Jewellery was a particular passion of DORIAN’s, of course, and there should be room for plenty of examples of this as well as embroideries of every description, whether Sicilian brocades, stiff Spanish velvet, Georgian work with gilt coins or gold-toned Japanese with plumaged birds and, inevitably, purple and gold draped everywhere – like prose of the same styk.

The picture needs little embroidery. In a corner, on a divan of Persian type, sits LORD HENRY WOTTON. He is, as ever, smoking innumerable cigarettes. In another part of the room, stands BASIL HALLWARD, painting in front of an upright easel.
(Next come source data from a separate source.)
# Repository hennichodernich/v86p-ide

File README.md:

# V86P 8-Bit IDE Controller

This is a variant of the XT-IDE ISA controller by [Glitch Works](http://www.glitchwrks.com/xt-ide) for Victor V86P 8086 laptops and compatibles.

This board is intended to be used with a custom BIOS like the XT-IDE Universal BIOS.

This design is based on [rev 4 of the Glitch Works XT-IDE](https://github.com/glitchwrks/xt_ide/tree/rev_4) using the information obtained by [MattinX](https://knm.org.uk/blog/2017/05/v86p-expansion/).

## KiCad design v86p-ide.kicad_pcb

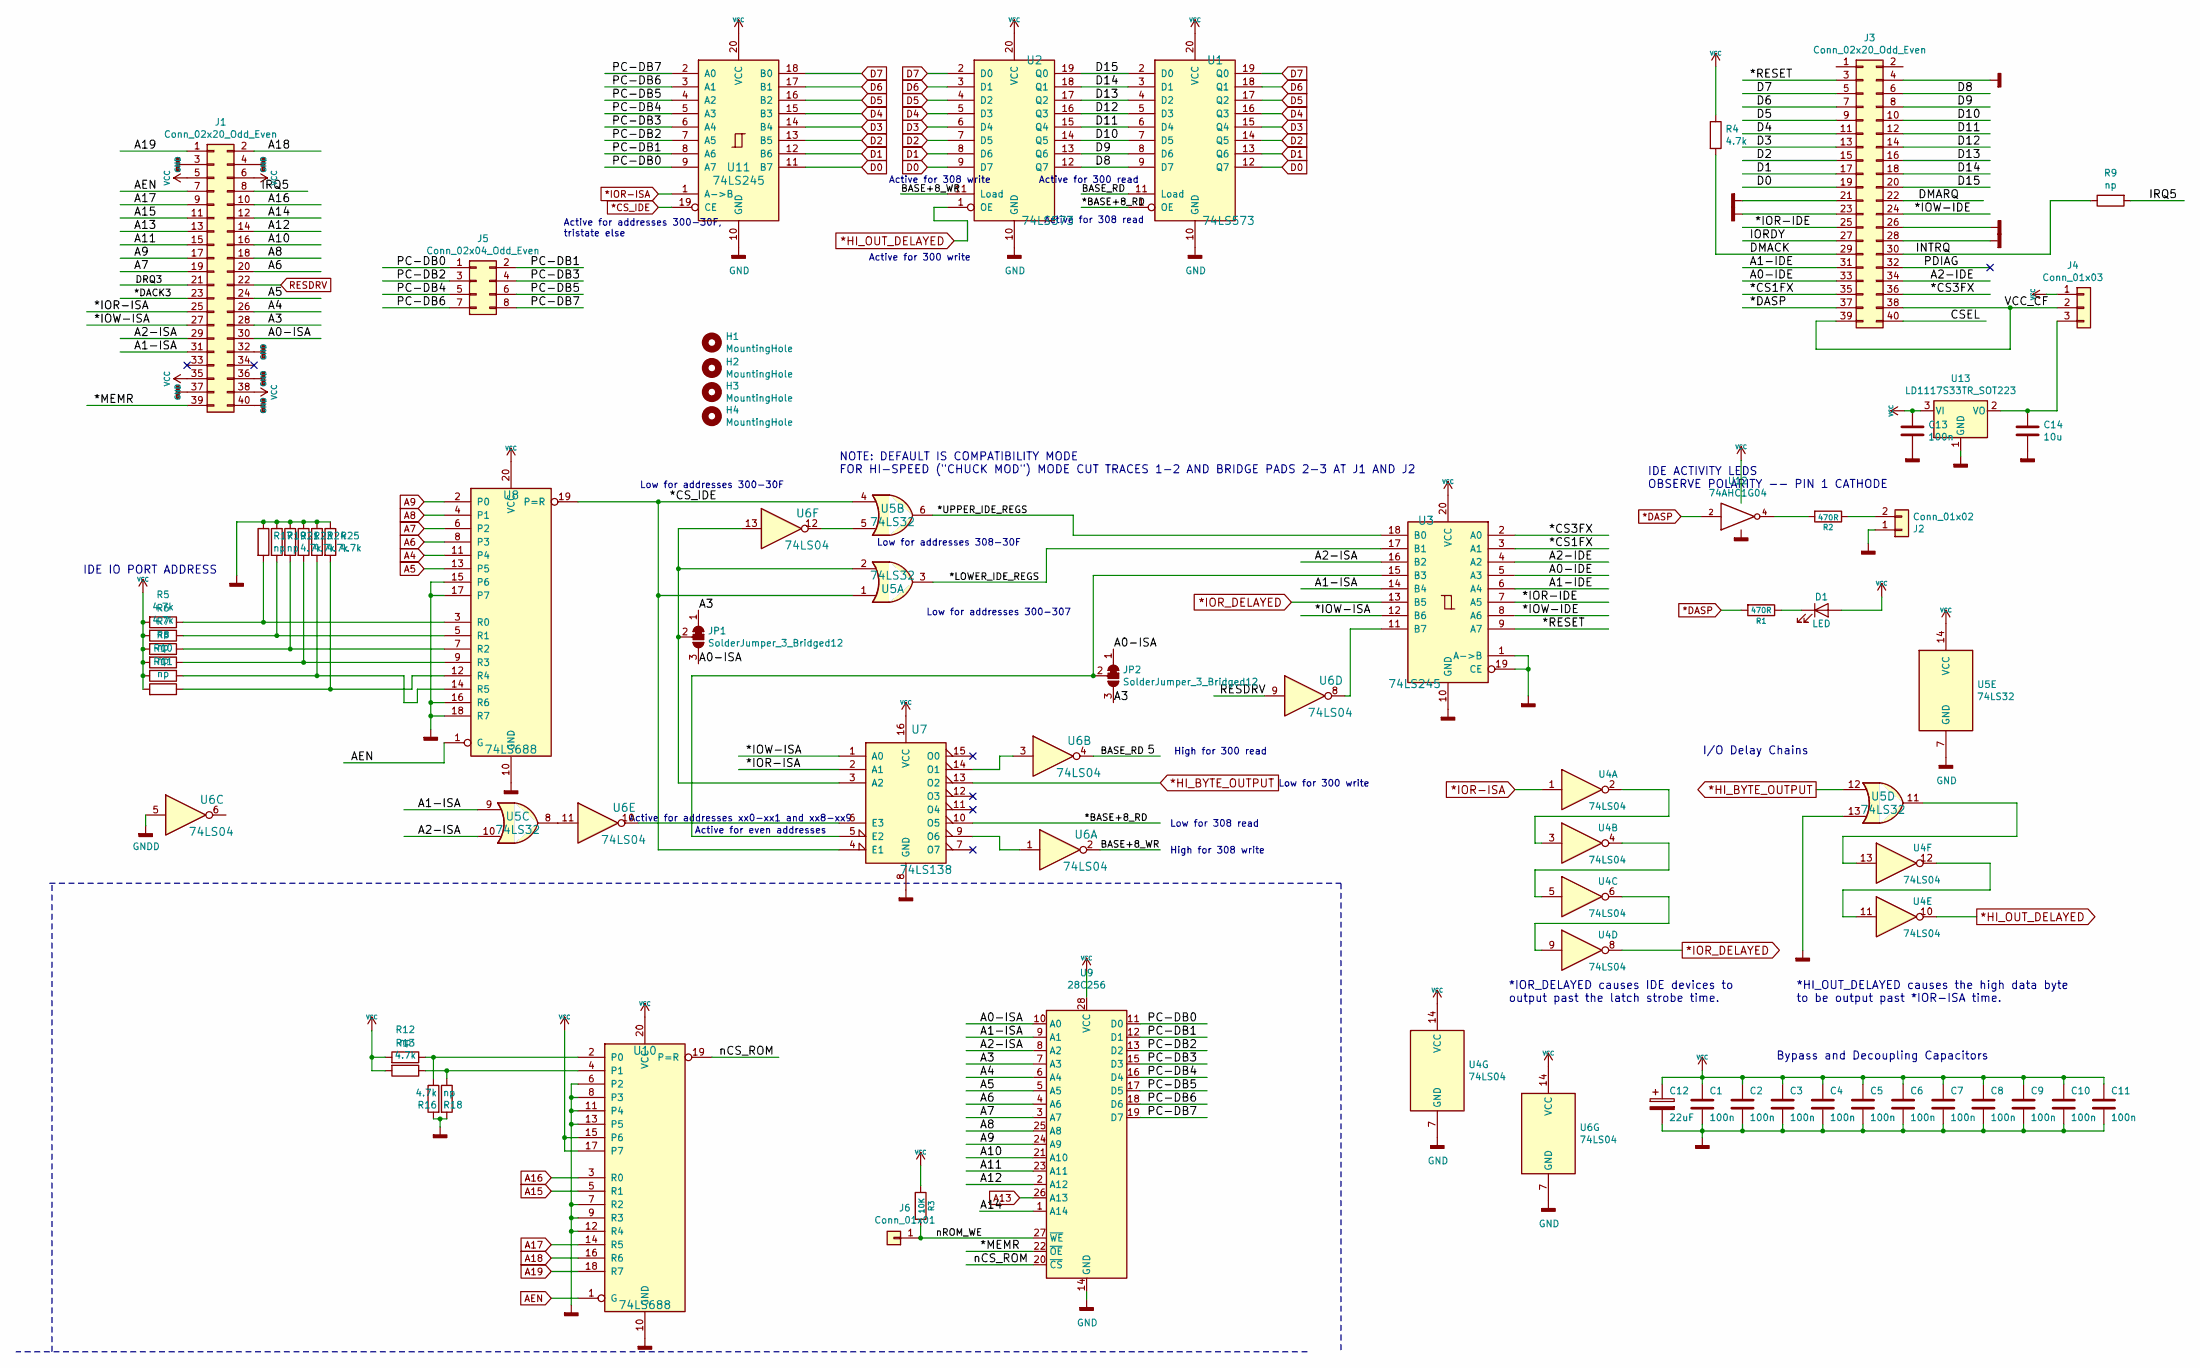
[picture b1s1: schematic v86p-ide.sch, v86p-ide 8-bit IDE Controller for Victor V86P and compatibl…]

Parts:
C1, C2, C3, C4, C5, C6, C7, C8, C9, C10, C11: 100n; C_0402_1005Metric
C12: 22uF; C_1206_3216Metric
C13: 100n; C_0603_1608Metric
C14: 10u; C_1206_3216Metric
D1: LED; LED_0603_1608Metric
H1, H2, H3, H4: MountingHole; MountingHole_3.2mm_M3_ISO7380
J1: Conn_02x20_Odd_Even; PinSocket_2x20_P2.54mm_Vertical
J2: Conn_01x02; PinHeader_1x02_P2.54mm_Horizontal
J3: Conn_02x20_Odd_Even; TE_4-1734839-0_1x40-1MP_P0.5mm_Horizontal
J4: Conn_01x03; PinHeader_1x03_P2.54mm_Horizontal
J5: Conn_02x04_Odd_Even; PinSocket_2x04_P2.54mm_Vertical
J6: Conn_01x01; PinHeader_1x01_P2.54mm_Horizontal
JP1, JP2: SolderJumper_3_Bridged12; SolderJumper-3_P1.3mm_Bridged12_RoundedPad1.0x1.5mm
R1, R2: 470R; R_0603_1608Metric
R3: 10K; R_0603_1608Metric
R4, R5, R6, R13, R16, R21, R23, R24, R25: 4.7k; R_0603_1608Metric
R7, R8, R9, R10, R11, R12, R17, R18, R19: np; R_0603_1608Metric
U1, U2: 74LS573; SOIC-20W_7.5x12.8mm_P1.27mm
U3, U11: 74LS245; SOIC-20W_7.5x12.8mm_P1.27mm
U4, U6: 74LS04; SOIC-14_3.9x8.7mm_P1.27mm
U5: 74LS32; SOIC-14_3.9x8.7mm_P1.27mm
U7: 74LS138; SOIC-16_3.9x9.9mm_P1.27mm
U8, U10: 74LS688; SOIC-20W_7.5x12.8mm_P1.27mm
U9: 28C256; DIP-28_W15.24mm_Socket
U12: 74AHC1G04; SOT-23-5
U13: LD1117S33TR_SOT223; SOT-223-3_TabPin2

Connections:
*CS_IDE: U5.1, U5.4, U7.4 (E1), U8.19 (P=R), U11.19 (CE)
*DASP: J3.37, R1.2, U12.2
*HI_BYTE_OUTPUT: U5.12, U7.13 (O2)
*HI_OUT_DELAYED: U2.1 (OE), U4.10
*IOR-ISA: J1.25, U4.1, U7.2 (A1), U11.1 (A->B)
*IOR_DELAYED: U3.13 (B5), U4.8
+5V: C1.1, C2.1, C3.1, C4.1, C5.1, C6.1, C7.1, C8.1, C9.1, C10.1, C11.1, C12.1, C13.1, D1.2 (A), J1.5, J1.6, J1.35, J1.38, J4.1, R3.1, R4.1, R5.2, R6.2, R7.2, R8.2, R10.2, R11.2, R12.2, R13.2, U1.20 (VCC), U2.20 (VCC), U3.20 (VCC), U4.14 (VCC), U5.14 (VCC), U6.14 (VCC), U7.16 (VCC), U8.20 (VCC), U9.28 (VCC), U10.15 (P6), U10.17 (P7), U10.20 (VCC), U11.20 (VCC), U12.3 (GND), U13.3 (VI)
/5: U1.11 (Load), U6.4
/*BASE+8_RD: U1.1 (OE), U7.10 (O5)
/*CS1FX: J3.35, U3.3 (A1)
/*CS3FX: J3.36, U3.2 (A0)
/*DACK3: J1.23
/*IOR-IDE: J3.25, U3.7 (A5)
/*IOW-IDE: J3.24, U3.8 (A6)
/*IOW-ISA: J1.27, U3.12 (B6), U7.1 (A0)
/*LOWER_IDE_REGS: U3.17 (B1), U5.3
/*MEMR: J1.39, U9.22 (~OE)
/*RESET: J3.3, U3.9 (A7)
/*UPPER_IDE_REGS: U3.18 (B0), U5.6
/A0-IDE: J3.33, U3.5 (A3)
/A0-ISA: J1.30, JP1.3 (B), JP2.1 (A), U9.10 (A0)
/A1-IDE: J3.31, U3.6 (A4)
/A1-ISA: J1.31, U3.14 (B4), U5.9, U9.9 (A1)
/A2-IDE: J3.34, U3.4 (A2)
/A2-ISA: J1.29, U3.16 (B2), U5.10, U9.8 (A2)
/A3: J1.28, JP1.1 (A), JP2.3 (B), U9.7 (A3)
/A10: J1.16, U9.21 (A10)
/A11: J1.15, U9.23 (A11)
/A12: J1.14, U9.2 (A12)
/A14: J1.12, U9.1 (A14)
/BASE+8_WR: U2.11 (Load), U6.2
/CSEL: J3.40
/D8: J3.6, U1.9 (D7), U2.12 (Q7)
/D9: J3.8, U1.8 (D6), U2.13 (Q6)
/D10: J3.10, U1.7 (D5), U2.14 (Q5)
/D11: J3.12, U1.6 (D4), U2.15 (Q4)
/D12: J3.14, U1.5 (D3), U2.16 (Q3)
/D13: J3.16, U1.4 (D2), U2.17 (Q2)
/D14: J3.18, U1.3 (D1), U2.18 (Q1)
/D15: J3.20, U1.2 (D0), U2.19 (Q0)
/DMACK: J3.29, R4.2
/DMARQ: J3.22
/DRQ3: J1.21
/INTRQ: J3.30, R9.1
/IORDY: J3.27
/IRQ5: J1.8, R9.2
/PC-DB0: J5.1, U9.11 (D0), U11.9 (A7)
/PC-DB1: J5.2, U9.12 (D1), U11.8 (A6)
/PC-DB2: J5.3, U9.13 (D2), U11.7 (A5)
/PC-DB3: J5.4, U9.15 (D3), U11.6 (A4)
/PC-DB4: J5.5, U9.16 (D4), U11.5 (A3)
/PC-DB5: J5.6, U9.17 (D5), U11.4 (A2)
/PC-DB6: J5.7, U9.18 (D6), U11.3 (A1)
/PC-DB7: J5.8, U9.19 (D7), U11.2 (A0)
/PDIAG: J3.32
/VCC_CF: J3.38, J3.39, J4.2
/nCS_ROM: U9.20 (~CS), U10.19 (P=R)
/nROM_WE: J6.1, R3.2, U9.27 (~WE)
A4: J1.26, U8.11 (P4), U9.6 (A4)
A5: J1.24, U8.13 (P5), U9.5 (A5)
A6: J1.20, U8.8 (P3), U9.4 (A6)
A7: J1.19, U8.6 (P2), U9.3 (A7)
A8: J1.18, U8.4 (P1), U9.25 (A8)
A9: J1.17, U8.2 (P0), U9.24 (A9)
A13: J1.13, U9.26 (A13)
A15: J1.11, U10.5 (R1)
A16: J1.10, U10.3 (R0)
A17: J1.9, U10.14 (R5)
A18: J1.2, U10.16 (R6)
A19: J1.1, U10.18 (R7)
AEN: J1.7, U8.1 (G), U10.1 (G)
D0: J3.19, U1.12 (Q7), U2.9 (D7), U11.11 (B7)
D1: J3.17, U1.13 (Q6), U2.8 (D6), U11.12 (B6)
D2: J3.15, U1.14 (Q5), U2.7 (D5), U11.13 (B5)
D3: J3.13, U1.15 (Q4), U2.6 (D4), U11.14 (B4)
D4: J3.11, U1.16 (Q3), U2.5 (D3), U11.15 (B3)
D5: J3.9, U1.17 (Q2), U2.4 (D2), U11.16 (B2)
D6: J3.7, U1.18 (Q1), U2.3 (D1), U11.17 (B1)
D7: J3.5, U1.19 (Q0), U2.2 (D0), U11.18 (B0)
unnamed: C14.1, J4.3, U13.2 (VO)
unnamed: D1.1 (K), R1.1
unnamed: J2.2, R2.1
unnamed: JP1.2 (C), U5.2, U6.13, U7.3 (A2)
unnamed: JP2.2 (C), U3.15 (B3), U7.5 (E2)
unnamed: R2.2, U12.4
unnamed: R10.1, R24.2, U8.14 (R5)
unnamed: R11.1, R25.2, U8.12 (R4)
unnamed: R12.1, R18.1, U10.2 (P0)
unnamed: R13.1, R16.1, U10.4 (P1)
unnamed: R5.1, R17.2, U8.3 (R0)
unnamed: R6.1, R19.2, U8.5 (R1)
unnamed: R7.1, R21.2, U8.7 (R2)
unnamed: R8.1, R23.2, U8.9 (R3)
unnamed: U3.11 (B7), U6.8
unnamed: U4.2, U4.3
unnamed: U4.4, U4.5
unnamed: U4.6, U4.9
unnamed: U4.11, U4.12
unnamed: U4.13, U5.11
unnamed: U5.5, U6.12
unnamed: U5.8, U6.11
unnamed: U6.1, U7.9 (O6)
unnamed: U6.3, U7.14 (O1)
unnamed: U6.10, U7.6 (E3)
RESDRV: J1.22, U6.9

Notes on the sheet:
IDE ACTIVITY LEDS OBSERVE POLARITY -- PIN 1 CATHODE
IDE IO PORT ADDRESS
NOTE: DEFAULT IS COMPATIBILITY MODE FOR HI-SPEED ("CHUCK MOD") MODE CUT TRACES 1-2 AND BRIDGE PADS 2-3 AT J1 AND J2
Bypass and Decoupling Capacitors
I/O Delay Chains
*IOR_DELAYED causes IDE devices to output past the latch strobe time.
*HI_OUT_DELAYED causes the high data byte to be output past *IOR-ISA time.
Low for addresses 300-30F
Low for addresses 300-307
Low for addresses 308-30F
Active for addresses xx0-xx1 and xx8-xx9
Active for even addresses
High for 300 read
Low for 300 write
Low for 308 read
High for 308 write
Active for 300 read
Active for 308 read
Active for 308 write
Active for 300 write
Active for addresses 300-30F, tristate else

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
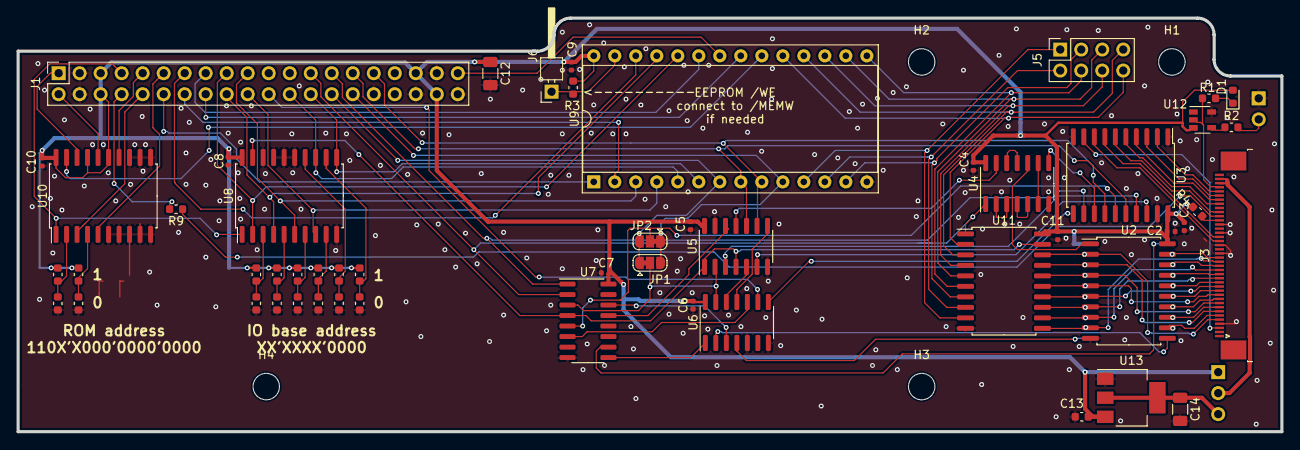
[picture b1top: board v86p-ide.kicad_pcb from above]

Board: 2 copper layers, 152.8 x 50.0 mm, 61 parts (0 on the bottom side), 100 nets.

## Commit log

2020-11-07 First public release.
2020-11-07 Fixed DRC errors

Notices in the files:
v86p-ide.kicad_pcb:
(c) 2020 hnch@gmx.net

LORD HENRY is the first to speak.

LORD HENRY: There is no question, Basil – the best thing you’ve ever done. You will have to send it to the Grosvenor. The Academy is too large and too vulgar. Whenever I have gone there, there have been either so many people that I have not been able to see the pictures, which was dreadful, or so many pictures that I have not been able to see the people, which was worse. The Grosvenor is really the only place.

BASIL: I don’t think I shall send it anywhere, come to think of it. No: I won’t send it anywhere.

LORD HENRY: My dear fellow, why? What an odd lot you painters are! You do anything in the world to gain a reputation. Then, as soon as you get one, you seem to want to throw it away.

BASIL: I knew you would laugh at me, but it’s simply that I can’t exhibit it. I’ve put too much of myself into it.